#### Work request
What are the lines from the top of the entries through the one with "blk = doc.blocks.new('Caixa"? Write them out exactly, with no pictures.

#### Provided records
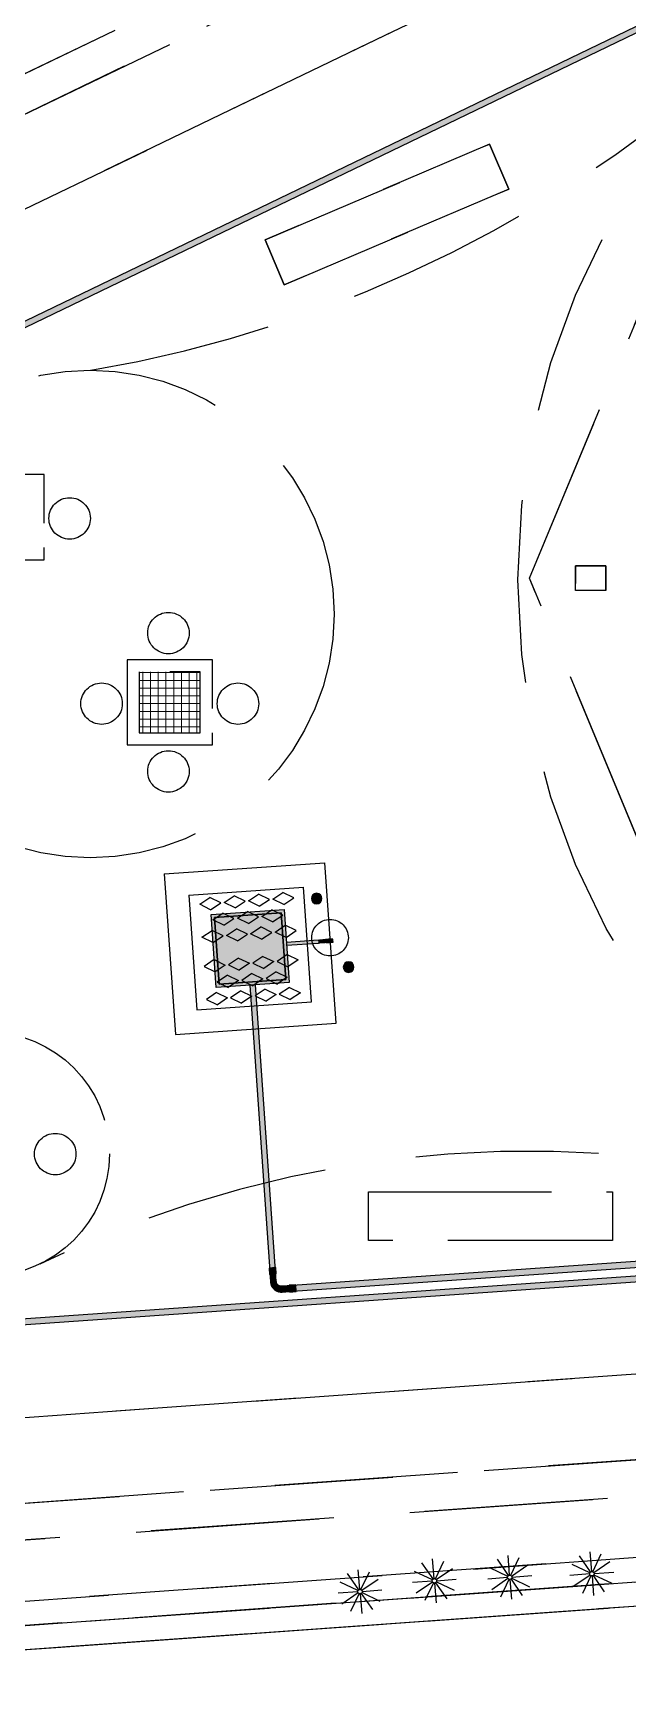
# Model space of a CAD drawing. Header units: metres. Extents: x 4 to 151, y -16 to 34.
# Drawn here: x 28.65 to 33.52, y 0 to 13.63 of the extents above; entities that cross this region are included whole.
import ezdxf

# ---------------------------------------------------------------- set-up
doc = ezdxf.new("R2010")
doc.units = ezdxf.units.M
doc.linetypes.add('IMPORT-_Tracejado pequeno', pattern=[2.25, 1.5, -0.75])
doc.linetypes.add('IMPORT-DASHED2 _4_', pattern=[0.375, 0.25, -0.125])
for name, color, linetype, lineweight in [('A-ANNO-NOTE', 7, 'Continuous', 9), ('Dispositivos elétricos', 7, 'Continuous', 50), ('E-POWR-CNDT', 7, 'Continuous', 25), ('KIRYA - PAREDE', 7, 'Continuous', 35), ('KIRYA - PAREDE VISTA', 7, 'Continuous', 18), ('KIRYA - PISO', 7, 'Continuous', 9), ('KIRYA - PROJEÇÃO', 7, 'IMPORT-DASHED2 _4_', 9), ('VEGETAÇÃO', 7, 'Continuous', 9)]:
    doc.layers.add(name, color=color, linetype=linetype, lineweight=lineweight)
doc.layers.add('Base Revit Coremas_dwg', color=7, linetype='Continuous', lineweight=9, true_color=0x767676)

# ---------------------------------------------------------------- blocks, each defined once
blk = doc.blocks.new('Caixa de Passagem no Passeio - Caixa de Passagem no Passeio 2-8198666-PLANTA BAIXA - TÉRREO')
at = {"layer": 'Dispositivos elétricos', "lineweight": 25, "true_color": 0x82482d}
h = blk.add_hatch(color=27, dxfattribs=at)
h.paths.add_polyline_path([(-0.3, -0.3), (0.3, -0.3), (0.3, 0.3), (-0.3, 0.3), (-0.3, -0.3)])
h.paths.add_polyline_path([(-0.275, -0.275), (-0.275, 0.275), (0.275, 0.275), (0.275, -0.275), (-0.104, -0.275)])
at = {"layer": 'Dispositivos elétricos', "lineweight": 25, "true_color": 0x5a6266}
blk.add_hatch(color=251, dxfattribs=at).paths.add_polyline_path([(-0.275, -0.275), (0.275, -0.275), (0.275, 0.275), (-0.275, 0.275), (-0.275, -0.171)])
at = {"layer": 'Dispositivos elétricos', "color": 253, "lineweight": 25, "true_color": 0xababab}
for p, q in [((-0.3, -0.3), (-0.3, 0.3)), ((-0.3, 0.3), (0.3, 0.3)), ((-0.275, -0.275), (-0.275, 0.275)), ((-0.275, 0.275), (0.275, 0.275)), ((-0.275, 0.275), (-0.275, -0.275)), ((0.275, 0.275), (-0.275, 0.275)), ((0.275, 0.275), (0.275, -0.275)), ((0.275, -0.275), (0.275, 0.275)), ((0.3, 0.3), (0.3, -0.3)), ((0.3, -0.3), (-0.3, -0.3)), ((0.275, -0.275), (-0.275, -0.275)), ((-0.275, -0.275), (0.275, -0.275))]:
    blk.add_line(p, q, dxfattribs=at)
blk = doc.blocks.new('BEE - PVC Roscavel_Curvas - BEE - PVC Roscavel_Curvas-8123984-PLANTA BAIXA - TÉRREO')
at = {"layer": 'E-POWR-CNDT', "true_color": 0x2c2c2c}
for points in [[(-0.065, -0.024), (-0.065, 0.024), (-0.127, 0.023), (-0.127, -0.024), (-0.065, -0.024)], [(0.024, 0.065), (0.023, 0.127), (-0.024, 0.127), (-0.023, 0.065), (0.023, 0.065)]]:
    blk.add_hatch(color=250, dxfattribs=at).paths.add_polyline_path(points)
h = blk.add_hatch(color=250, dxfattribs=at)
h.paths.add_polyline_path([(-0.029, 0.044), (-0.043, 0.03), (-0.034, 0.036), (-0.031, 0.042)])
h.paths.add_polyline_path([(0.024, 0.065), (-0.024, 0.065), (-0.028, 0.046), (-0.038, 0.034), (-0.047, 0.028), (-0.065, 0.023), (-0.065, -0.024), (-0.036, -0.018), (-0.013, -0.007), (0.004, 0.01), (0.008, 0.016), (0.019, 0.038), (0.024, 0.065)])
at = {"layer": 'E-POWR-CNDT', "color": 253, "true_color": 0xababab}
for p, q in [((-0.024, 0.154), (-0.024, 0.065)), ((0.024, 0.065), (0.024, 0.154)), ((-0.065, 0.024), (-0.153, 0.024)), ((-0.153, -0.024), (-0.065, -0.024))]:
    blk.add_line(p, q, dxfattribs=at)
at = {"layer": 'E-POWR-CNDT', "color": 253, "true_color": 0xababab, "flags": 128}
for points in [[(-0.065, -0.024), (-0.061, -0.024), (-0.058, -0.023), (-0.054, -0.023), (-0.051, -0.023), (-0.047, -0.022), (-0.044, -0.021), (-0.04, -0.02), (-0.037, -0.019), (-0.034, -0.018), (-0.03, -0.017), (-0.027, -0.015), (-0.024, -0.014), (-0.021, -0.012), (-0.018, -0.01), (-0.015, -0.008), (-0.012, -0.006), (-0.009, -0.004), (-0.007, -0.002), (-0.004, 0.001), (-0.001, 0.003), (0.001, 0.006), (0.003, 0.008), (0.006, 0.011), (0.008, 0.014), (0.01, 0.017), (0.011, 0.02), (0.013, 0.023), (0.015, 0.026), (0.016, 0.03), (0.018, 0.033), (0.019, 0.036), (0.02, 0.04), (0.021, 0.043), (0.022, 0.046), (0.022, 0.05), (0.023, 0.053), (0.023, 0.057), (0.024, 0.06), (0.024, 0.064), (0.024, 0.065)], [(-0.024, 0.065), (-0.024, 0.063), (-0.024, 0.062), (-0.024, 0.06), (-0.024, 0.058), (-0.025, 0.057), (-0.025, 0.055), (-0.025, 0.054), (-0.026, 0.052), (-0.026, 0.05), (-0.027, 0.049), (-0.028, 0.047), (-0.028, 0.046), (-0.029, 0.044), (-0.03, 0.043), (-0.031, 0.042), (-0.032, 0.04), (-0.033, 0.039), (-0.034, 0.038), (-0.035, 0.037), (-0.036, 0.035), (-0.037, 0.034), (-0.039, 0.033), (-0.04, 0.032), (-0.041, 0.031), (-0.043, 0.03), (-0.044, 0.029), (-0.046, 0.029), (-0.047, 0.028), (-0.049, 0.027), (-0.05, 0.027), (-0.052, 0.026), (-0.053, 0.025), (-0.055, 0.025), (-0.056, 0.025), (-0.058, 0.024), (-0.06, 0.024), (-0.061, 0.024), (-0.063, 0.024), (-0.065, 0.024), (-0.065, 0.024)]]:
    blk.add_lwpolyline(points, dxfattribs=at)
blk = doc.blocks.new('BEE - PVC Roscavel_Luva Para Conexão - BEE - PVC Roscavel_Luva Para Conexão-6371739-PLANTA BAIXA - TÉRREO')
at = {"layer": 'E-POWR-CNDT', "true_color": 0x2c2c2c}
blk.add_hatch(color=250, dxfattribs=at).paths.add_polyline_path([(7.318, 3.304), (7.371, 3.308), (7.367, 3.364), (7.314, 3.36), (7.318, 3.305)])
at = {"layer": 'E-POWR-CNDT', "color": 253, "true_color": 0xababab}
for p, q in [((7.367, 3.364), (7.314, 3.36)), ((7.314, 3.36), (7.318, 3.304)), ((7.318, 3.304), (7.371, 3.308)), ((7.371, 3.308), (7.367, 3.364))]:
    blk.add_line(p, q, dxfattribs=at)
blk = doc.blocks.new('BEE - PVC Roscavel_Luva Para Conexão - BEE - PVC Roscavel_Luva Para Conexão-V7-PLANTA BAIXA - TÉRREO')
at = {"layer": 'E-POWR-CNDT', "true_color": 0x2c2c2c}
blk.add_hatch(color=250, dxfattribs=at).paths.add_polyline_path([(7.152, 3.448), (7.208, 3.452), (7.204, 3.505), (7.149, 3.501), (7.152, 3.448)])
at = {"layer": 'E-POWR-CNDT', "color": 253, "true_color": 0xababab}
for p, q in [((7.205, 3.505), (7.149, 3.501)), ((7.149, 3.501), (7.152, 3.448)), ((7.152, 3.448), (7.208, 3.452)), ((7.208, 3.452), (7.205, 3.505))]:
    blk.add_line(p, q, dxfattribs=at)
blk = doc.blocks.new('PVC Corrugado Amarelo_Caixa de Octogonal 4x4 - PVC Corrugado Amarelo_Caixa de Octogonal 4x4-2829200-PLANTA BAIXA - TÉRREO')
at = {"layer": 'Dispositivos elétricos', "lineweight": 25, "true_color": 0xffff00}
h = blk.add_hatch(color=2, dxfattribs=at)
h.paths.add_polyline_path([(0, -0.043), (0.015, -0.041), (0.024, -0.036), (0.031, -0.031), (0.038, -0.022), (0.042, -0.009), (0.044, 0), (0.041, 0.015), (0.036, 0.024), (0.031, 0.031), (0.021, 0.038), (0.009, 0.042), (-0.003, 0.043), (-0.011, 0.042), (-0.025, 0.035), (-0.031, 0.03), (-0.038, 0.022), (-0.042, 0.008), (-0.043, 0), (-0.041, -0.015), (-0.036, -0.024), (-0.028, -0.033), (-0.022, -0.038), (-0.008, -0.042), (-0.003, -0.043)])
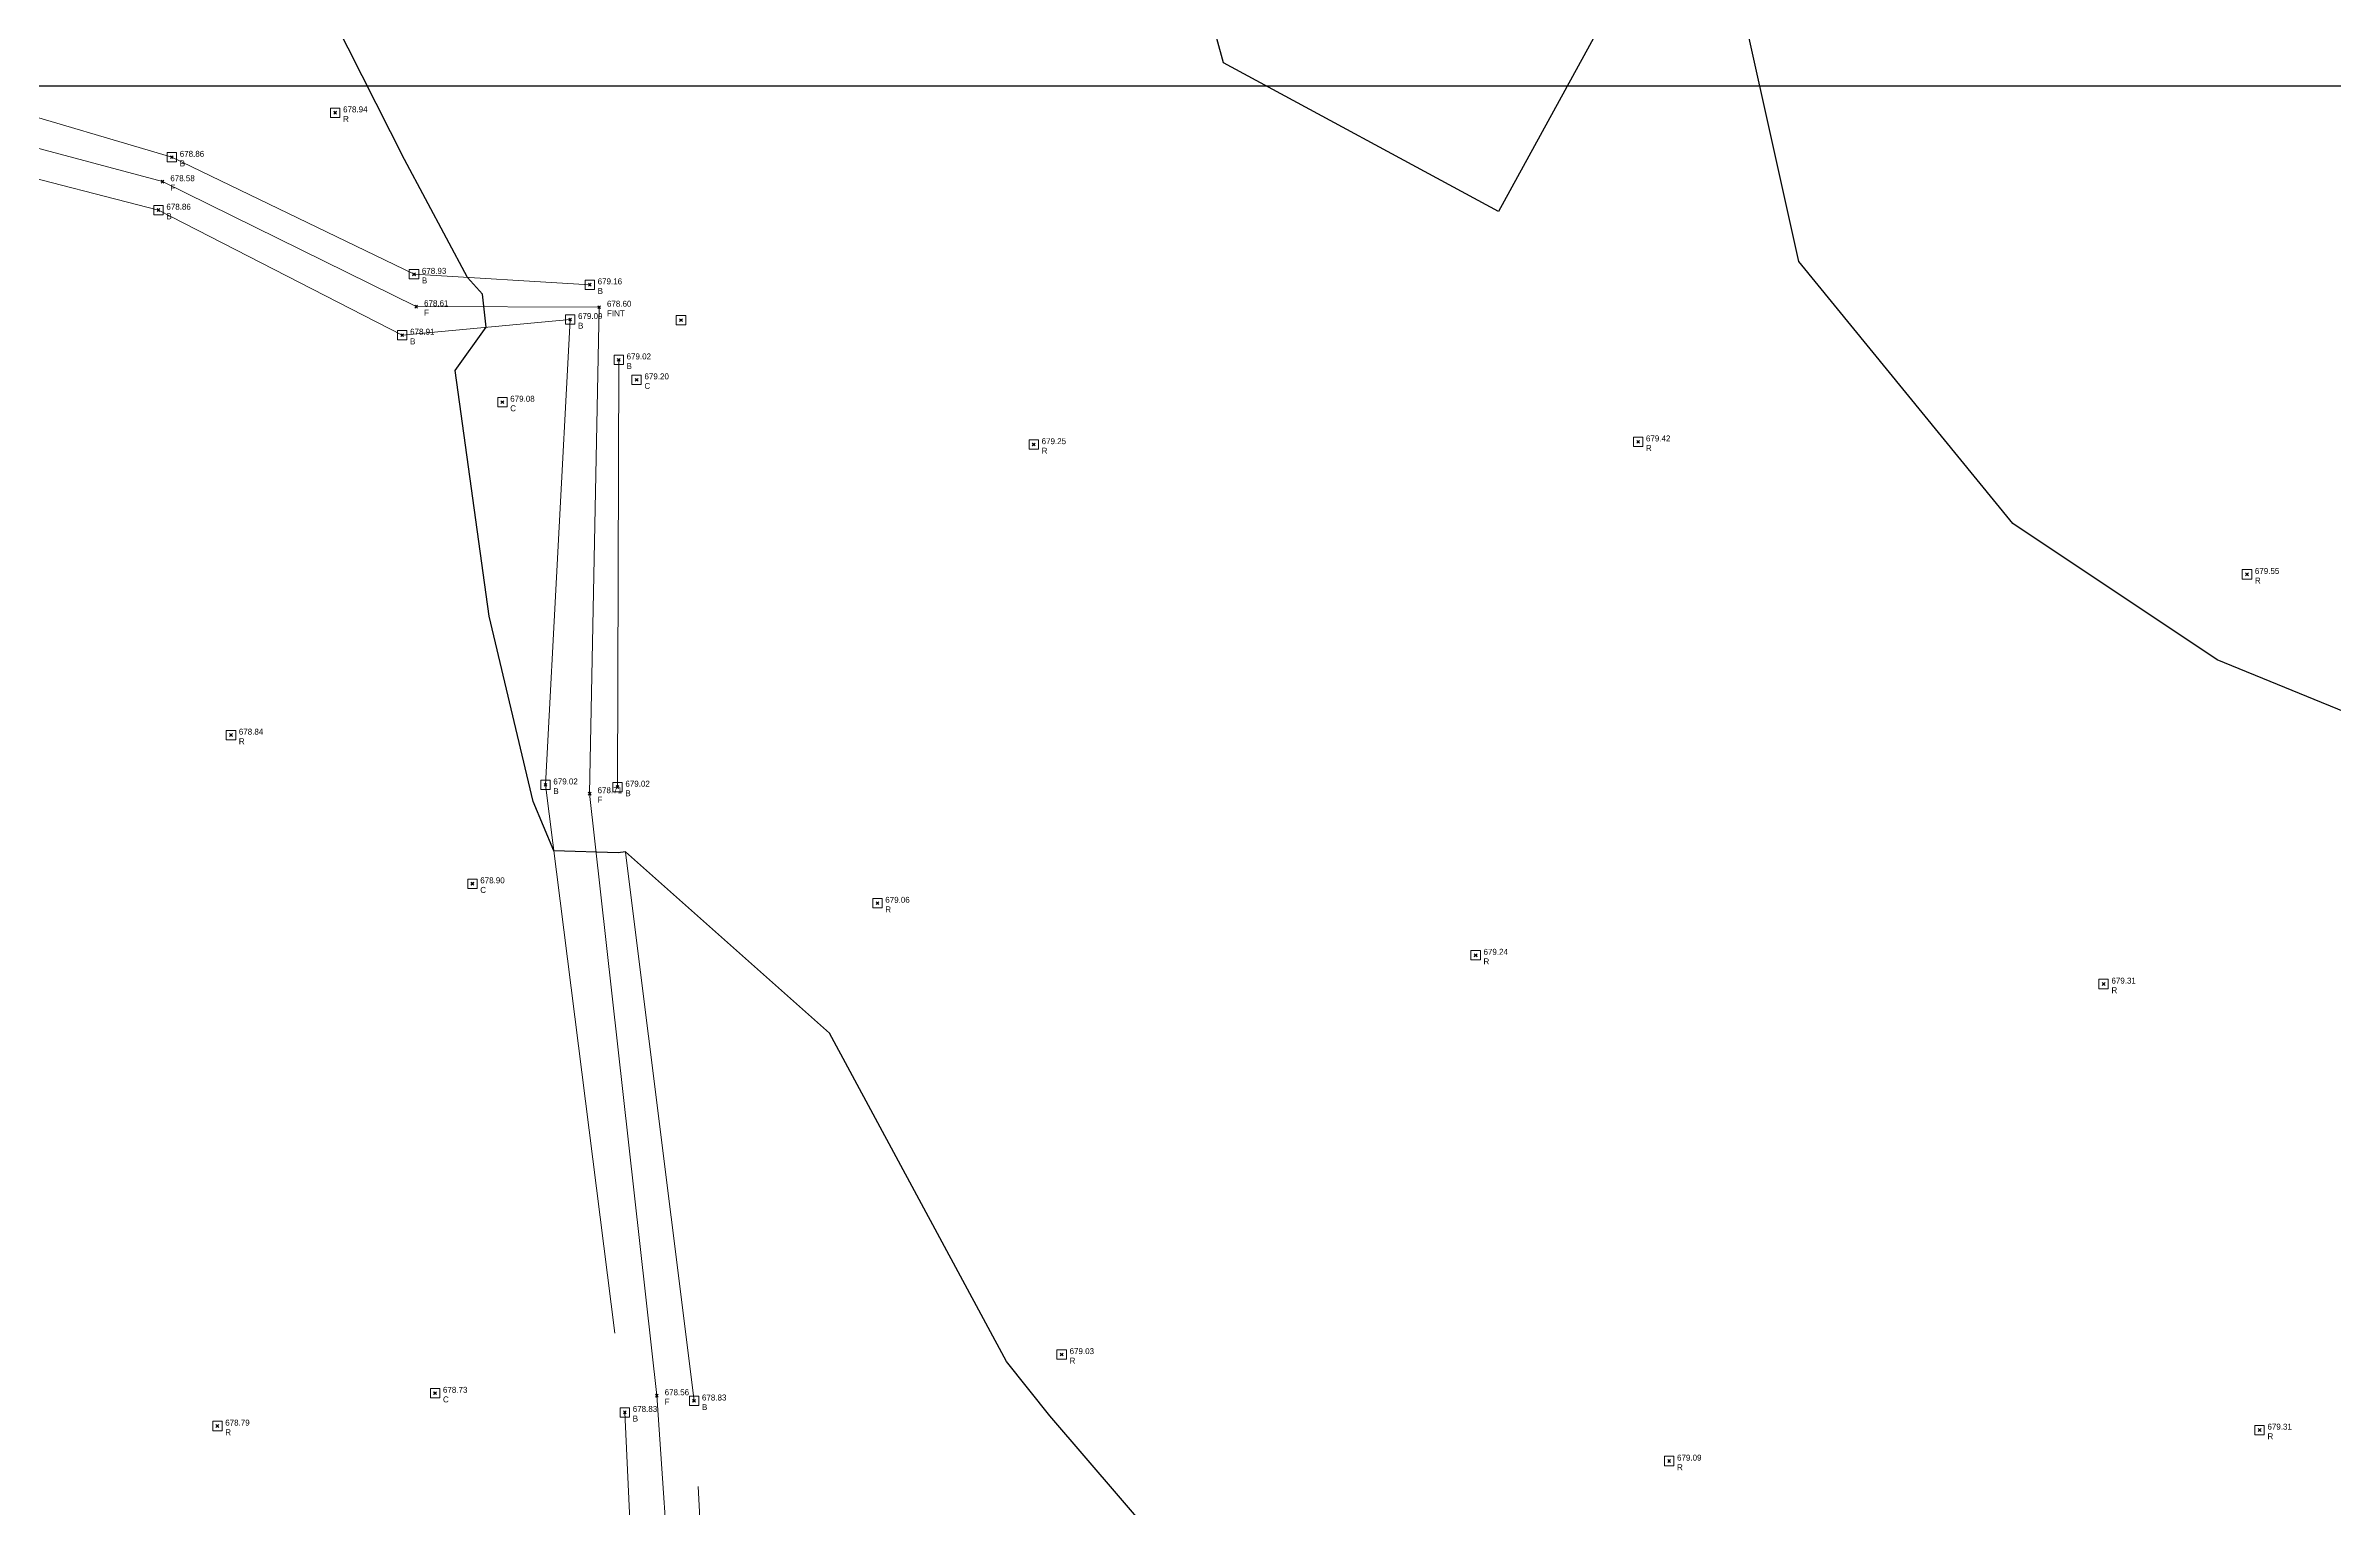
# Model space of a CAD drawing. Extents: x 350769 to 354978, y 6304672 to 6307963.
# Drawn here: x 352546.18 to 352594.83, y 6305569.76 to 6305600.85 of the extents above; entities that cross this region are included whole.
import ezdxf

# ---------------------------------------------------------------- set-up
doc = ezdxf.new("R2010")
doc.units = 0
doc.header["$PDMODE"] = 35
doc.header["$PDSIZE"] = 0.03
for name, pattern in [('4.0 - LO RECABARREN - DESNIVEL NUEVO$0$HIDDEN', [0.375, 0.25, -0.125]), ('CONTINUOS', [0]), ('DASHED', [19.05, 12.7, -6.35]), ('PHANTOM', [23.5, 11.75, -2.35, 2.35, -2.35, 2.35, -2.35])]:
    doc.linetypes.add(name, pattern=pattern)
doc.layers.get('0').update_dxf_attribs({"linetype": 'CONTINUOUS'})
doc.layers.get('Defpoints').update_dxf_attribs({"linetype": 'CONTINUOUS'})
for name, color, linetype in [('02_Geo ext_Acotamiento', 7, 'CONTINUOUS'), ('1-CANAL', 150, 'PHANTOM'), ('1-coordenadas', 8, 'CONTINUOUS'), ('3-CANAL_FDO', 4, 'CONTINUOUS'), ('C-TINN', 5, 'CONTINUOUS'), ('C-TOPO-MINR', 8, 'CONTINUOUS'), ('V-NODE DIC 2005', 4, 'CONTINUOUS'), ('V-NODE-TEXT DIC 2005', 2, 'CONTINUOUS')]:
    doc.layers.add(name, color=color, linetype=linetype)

#### Result
# Model space of a CAD drawing. Header units: metres. Extents: x 4 to 151, y -16 to 34.
# Drawn here: x 28.65 to 33.52, y 0 to 13.63 of the extents above; entities that cross this region are included whole.
import ezdxf

# ---------------------------------------------------------------- set-up
doc = ezdxf.new("R2010")
doc.units = ezdxf.units.M
doc.linetypes.add('IMPORT-_Tracejado pequeno', pattern=[2.25, 1.5, -0.75])
doc.linetypes.add('IMPORT-DASHED2 _4_', pattern=[0.375, 0.25, -0.125])
for name, color, linetype, lineweight in [('A-ANNO-NOTE', 7, 'Continuous', 9), ('Dispositivos elétricos', 7, 'Continuous', 50), ('E-POWR-CNDT', 7, 'Continuous', 25), ('KIRYA - PAREDE', 7, 'Continuous', 35), ('KIRYA - PAREDE VISTA', 7, 'Continuous', 18), ('KIRYA - PISO', 7, 'Continuous', 9), ('KIRYA - PROJEÇÃO', 7, 'IMPORT-DASHED2 _4_', 9), ('VEGETAÇÃO', 7, 'Continuous', 9)]:
    doc.layers.add(name, color=color, linetype=linetype, lineweight=lineweight)
doc.layers.add('Base Revit Coremas_dwg', color=7, linetype='Continuous', lineweight=9, true_color=0x767676)

# ---------------------------------------------------------------- blocks, each defined once
blk = doc.blocks.new('Caixa de Passagem no Passeio - Caixa de Passagem no Passeio 2-8198666-PLANTA BAIXA - TÉRREO')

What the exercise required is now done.